Electrical
Last updated
Last updated
The electrical portion of the ELLIE system includes two major components: COM and DAQ.
COM interfaces with the computer and passes commands, while the DAQ talks to sensors, listens for COM's commands to execute, and collects data.
This portion is responsible for communications between the computer and the system. It is consisted of the following:
ESP32-Wrover (1). Central command and communication unit.
Physical Buttons (3). Used to change the states (check for details on the state machine)
LED (2)
Since the COM ESP32 and the DAQ ESP32 are connected via WiFi (details ), they both must be mounted high to achieve maximum connectivity. We created a signal tower for the COM side:
The ELLIE data acquisition system contains the following:
Printed circuit board (PCB) (1). It keeps all the onboard electronics organized.

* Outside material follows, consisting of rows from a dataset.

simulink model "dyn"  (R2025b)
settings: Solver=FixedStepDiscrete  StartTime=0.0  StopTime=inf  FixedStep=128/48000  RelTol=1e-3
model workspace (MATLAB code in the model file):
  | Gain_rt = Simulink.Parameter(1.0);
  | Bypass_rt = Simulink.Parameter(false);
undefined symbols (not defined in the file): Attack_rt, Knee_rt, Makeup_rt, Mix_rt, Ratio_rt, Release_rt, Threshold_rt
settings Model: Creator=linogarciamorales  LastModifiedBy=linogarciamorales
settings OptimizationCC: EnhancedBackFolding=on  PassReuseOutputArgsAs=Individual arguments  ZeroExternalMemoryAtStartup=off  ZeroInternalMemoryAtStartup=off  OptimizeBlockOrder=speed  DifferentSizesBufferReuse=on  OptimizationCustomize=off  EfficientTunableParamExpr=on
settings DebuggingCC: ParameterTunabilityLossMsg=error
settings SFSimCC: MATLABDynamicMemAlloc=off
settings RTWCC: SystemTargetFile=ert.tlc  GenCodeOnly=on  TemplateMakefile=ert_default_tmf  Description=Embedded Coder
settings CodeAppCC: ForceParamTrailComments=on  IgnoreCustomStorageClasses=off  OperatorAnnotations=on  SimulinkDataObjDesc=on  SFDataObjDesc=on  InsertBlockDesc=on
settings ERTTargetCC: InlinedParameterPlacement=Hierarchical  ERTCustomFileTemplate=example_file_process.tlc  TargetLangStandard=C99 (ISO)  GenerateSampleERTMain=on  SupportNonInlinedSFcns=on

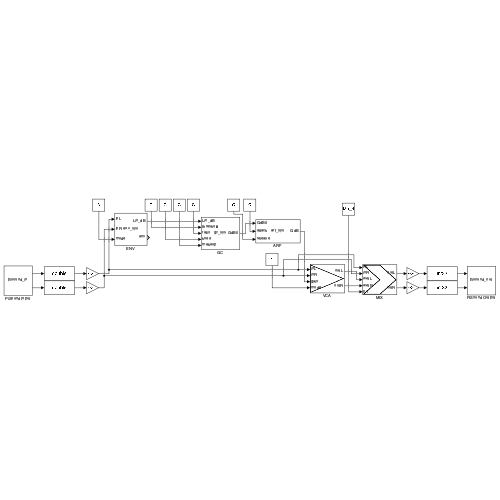
[thumbnail: Simulink's stored preview of the top-level diagram]
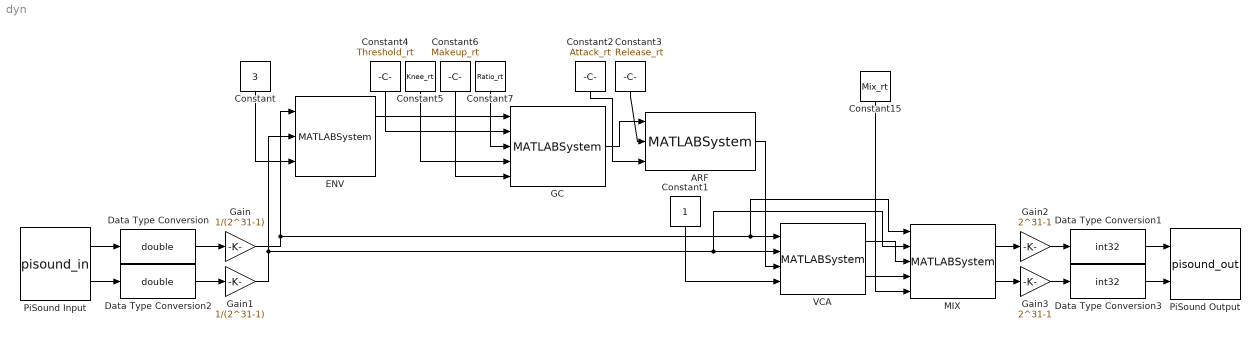
== system dyn ==
  ARF : MATLABSystem  System=arf_sys  N=128  Fs=48000  AttackDefault=0.010  ReleaseDefault=0.100  SimulateUsing=Code generation
      mask Type: arf_sys
  Constant : Constant  Value=3  OutDataTypeStr=uint8
  Constant1 : Constant  OutDataTypeStr=uint8
  Constant15 : Constant  Value=Mix_rt  OutDataTypeStr=double
  Constant2 : Constant  Value=Attack_rt  OutDataTypeStr=double
  Constant3 : Constant  Value=Release_rt  OutDataTypeStr=double
  Constant4 : Constant  Value=Threshold_rt  OutDataTypeStr=double
  Constant5 : Constant  Value=Knee_rt  OutDataTypeStr=double
  Constant6 : Constant  Value=Makeup_rt  OutDataTypeStr=double
  Constant7 : Constant  Value=Ratio_rt  OutDataTypeStr=double
  Data Type Conversion : DataTypeConversion  OutDataTypeStr=double  SaturateOnIntegerOverflow=off  RndMeth=Floor
  Data Type Conversion1 : DataTypeConversion  OutDataTypeStr=int32  SaturateOnIntegerOverflow=off  RndMeth=Floor
  Data Type Conversion2 : DataTypeConversion  OutDataTypeStr=double  SaturateOnIntegerOverflow=off  RndMeth=Floor
  Data Type Conversion3 : DataTypeConversion  OutDataTypeStr=int32  SaturateOnIntegerOverflow=off  RndMeth=Floor
  ENV : MATLABSystem  System=env_sys  N=128  Fs=48000  ModeDefault=uint8( 1 )  Eps=1e-12  TauRMS=0.02  SimulateUsing=Code generation
      mask Type: env_sys
  GC : MATLABSystem  System=gc_sys  N=128  Eps=1e-12  Floor_dB=-80  SimulateUsing=Code generation
      mask Type: gc_sys
  Gain : Gain  Gain=1/(2^31-1)
  Gain1 : Gain  Gain=1/(2^31-1)
  Gain2 : Gain  Gain=2^31-1
  Gain3 : Gain  Gain=2^31-1
  MIX : MATLABSystem  System=mix_sys  N=128  Fs=48000  Mode=uint8( 0 )  SmoothTime=0.01  IndepInDB=false  SimulateUsing=Code generation
      mask Type: mix_sys
  PiSound Input : S-Function  FunctionName=pisound_in  Parameters=48000, 128, 0  SFunctionDeploymentMode=off  EnableBusSupport=off
  PiSound Output : S-Function  FunctionName=pisound_out  Parameters=48000, 128, 0  SFunctionDeploymentMode=off  EnableBusSupport=off
  VCA : MATLABSystem  System=vca_sys  N=128  Fs=48000  bypass=uint8(0)  SimulateUsing=Code generation
      mask Type: vca_sys
  wires:
  PiSound Input/1 -> Data Type Conversion/1
  PiSound Input/2 -> Data Type Conversion2/1
  Data Type Conversion1/1 -> PiSound Output/1
  Data Type Conversion3/1 -> PiSound Output/2
  Gain2/1 -> Data Type Conversion1/1
  Gain3/1 -> Data Type Conversion3/1
  Data Type Conversion/1 -> Gain/1
  Data Type Conversion2/1 -> Gain1/1
  Gain/1 -> ENV/1, MIX/1, VCA/1
  Gain1/1 -> MIX/2, VCA/2, ENV/2
  Constant/1 -> ENV/3
  ENV/1 -> GC/1
  ARF/1 -> VCA/3
  Constant1/1 -> VCA/4
  GC/1 -> ARF/1
  Constant2/1 -> ARF/3
  Constant3/1 -> ARF/2
  Constant5/1 -> GC/4
  Constant4/1 -> GC/2
  Constant6/1 -> GC/5
  Constant7/1 -> GC/3
  VCA/1 -> MIX/3
  VCA/2 -> MIX/4
  MIX/1 -> Gain2/1
  MIX/2 -> Gain3/1
  Constant15/1 -> MIX/5

ESP32- Wrover (1). Central computing unit.
HX711 breakout boards (4-7). Used to amplify signals and take in data from pressure transducers and load cells.
9V LiPo Battery (1) for controlling the servos that opened and closed the system’s valves. It is directly connected to the PCB.
Servos (2). They are kept separated from the lower voltage signal connections by a large power pour, which prevents the high current from burning traces.
5V relay breakout board (1). Used to set off the system's igniters with a high current burning through very thin wires surrounded by flammable material in the feed system.
Before the PCB board was designed, we tried out various electronic arrangements on breadboards and protoboards:
Sometimes things did not go so well, since solder boards are not as reliable as a PCB. Therefore, we opted for an upgrade. An image of the CAD model of the PCB board follows (credit to Scout Weber, Trevor Zinky, and several other teammates who worked around the clock to design the board):
A voltage divider was used on the HX711 E+ input, since without it, measurements maxed out at around 200 psi. The cause was the programmable gain on the software side. It only allowed twice the minimum gain due to a software bug. Fixing the software would have required changing the Arduino library for the boards, which was much more difficult than implementing the voltage divider.
Additionally, a power pour was implemented on the top in the shape of a yellow rectangle. Its purpose was to shield the delicate traces on that part of the PCB from high current, usually induced by the servos. Then all we have to do is to add a parallel low-resistance path for the current, and nothing will get crispy!